> DATA RECORDS:
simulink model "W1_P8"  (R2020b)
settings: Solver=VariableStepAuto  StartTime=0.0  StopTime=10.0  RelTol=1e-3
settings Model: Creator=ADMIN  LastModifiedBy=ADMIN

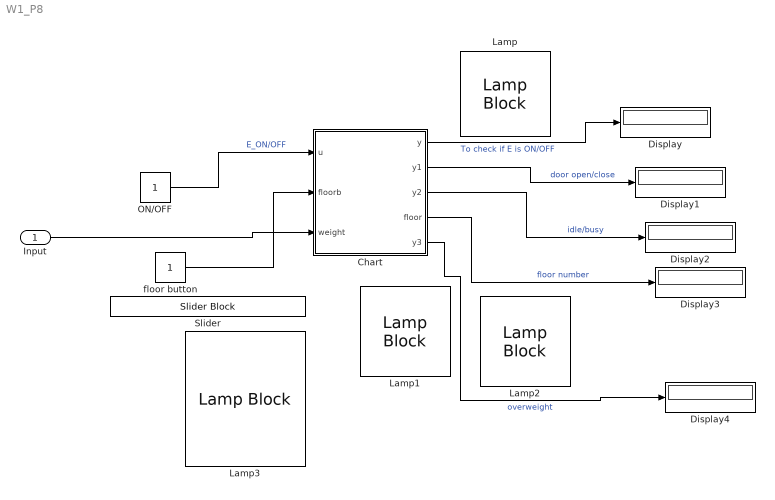
== system W1_P8 ==
  Input : Inport
  Chart : Stateflow chart  TreatAsAtomicUnit=on
  Display{,1..4} (5 alike) : Display
  Lamp{,1..3} (4 alike) : LampBlock
  ON/OFF : Constant
  Slider : SliderBlock  ScaleMax=5  TickInterval=1
  floor button : Constant
  wires:
  Chart/2(y1) -> Display1/1  "door open/close"
  Chart/1(y) -> Display/1  "To check if E is ON/OFF"
  Input/1 -> Chart/3(weight)
  Chart/3(y2) -> Display2/1  "idle/busy"
  ON/OFF/1 -> Chart/1(u)  "E_ON/OFF"
  floor button/1 -> Chart/2(floorb)
  Chart/4(floor) -> Display3/1  "floor number"
  Chart/5(y3) -> Display4/1  "overweight"

== stateflow chart W1_P8/Chart ==
  state Elevator_on
    entry: y=1;
    y3=0;
    note: [floorb<floor]{y1= 1 }
    state DOWN
      entry:
      floor=floor-1;
    state Delay1
      entry:
      floor=floor-1;
    state Idle_state
      entry: y1=0;
    state UP
      entry:
      floor=floor+1;
    state Delay
      entry:
      floor=floor+1;
    state Door_open1
      entry:
      y2=1;
    state Door_close1
      entry:
      y2=0;
    state Door_open
      entry:
      y2=1;
    state Door_close
      entry:
      y2=0;
    (default) -> Idle_state
    DOWN -> Delay1 [order 1] : [floorb<floor]
    Idle_state -> DOWN [order 2]
    Delay1 -> DOWN [order 1] : [floorb<floor]
    Idle_state -> UP [order 1] : [floorb>floor]{y1=1}
    DOWN -> Door_open1 [order 2] : [floorb==floor]
    Delay1 -> Door_open1 [order 2] : [floor==floorb]
    Delay -> UP [order 1] : [floorb>floor]
    UP -> Delay [order 1] : [floorb>floor]
    Door_open1 -> Door_close1 : [after(5,sec)]
    UP -> Door_open [order 2] : [floorb==floor]
    Delay -> Door_open [order 2] : [floor==floorb]
    Door_open -> Door_close : [after(5,sec)]
  state overload
    entry: y3=1;
  state Elevator_off
    entry: y=0;
  (default) -> Elevator_on
  Elevator_on -> overload [order 2] : [weight>500]
  overload -> Elevator_on : [weight<500]
  Elevator_on -> Elevator_off [order 1] : [u==0]
  Elevator_off -> Elevator_on : [u==1]
  data: u input; y output [0..1]; floorb input; y1 output [0..1]; y2 output [0..1]; floor output [0..5] =0; weight input; y3 output

> WHAT TO PRODUCE: Copy out each line of the records where the word "overload" appears.

> TASK RESULT:
  state overload
  Elevator_on -> overload [order 2] : [weight>500]
  overload -> Elevator_on : [weight<500]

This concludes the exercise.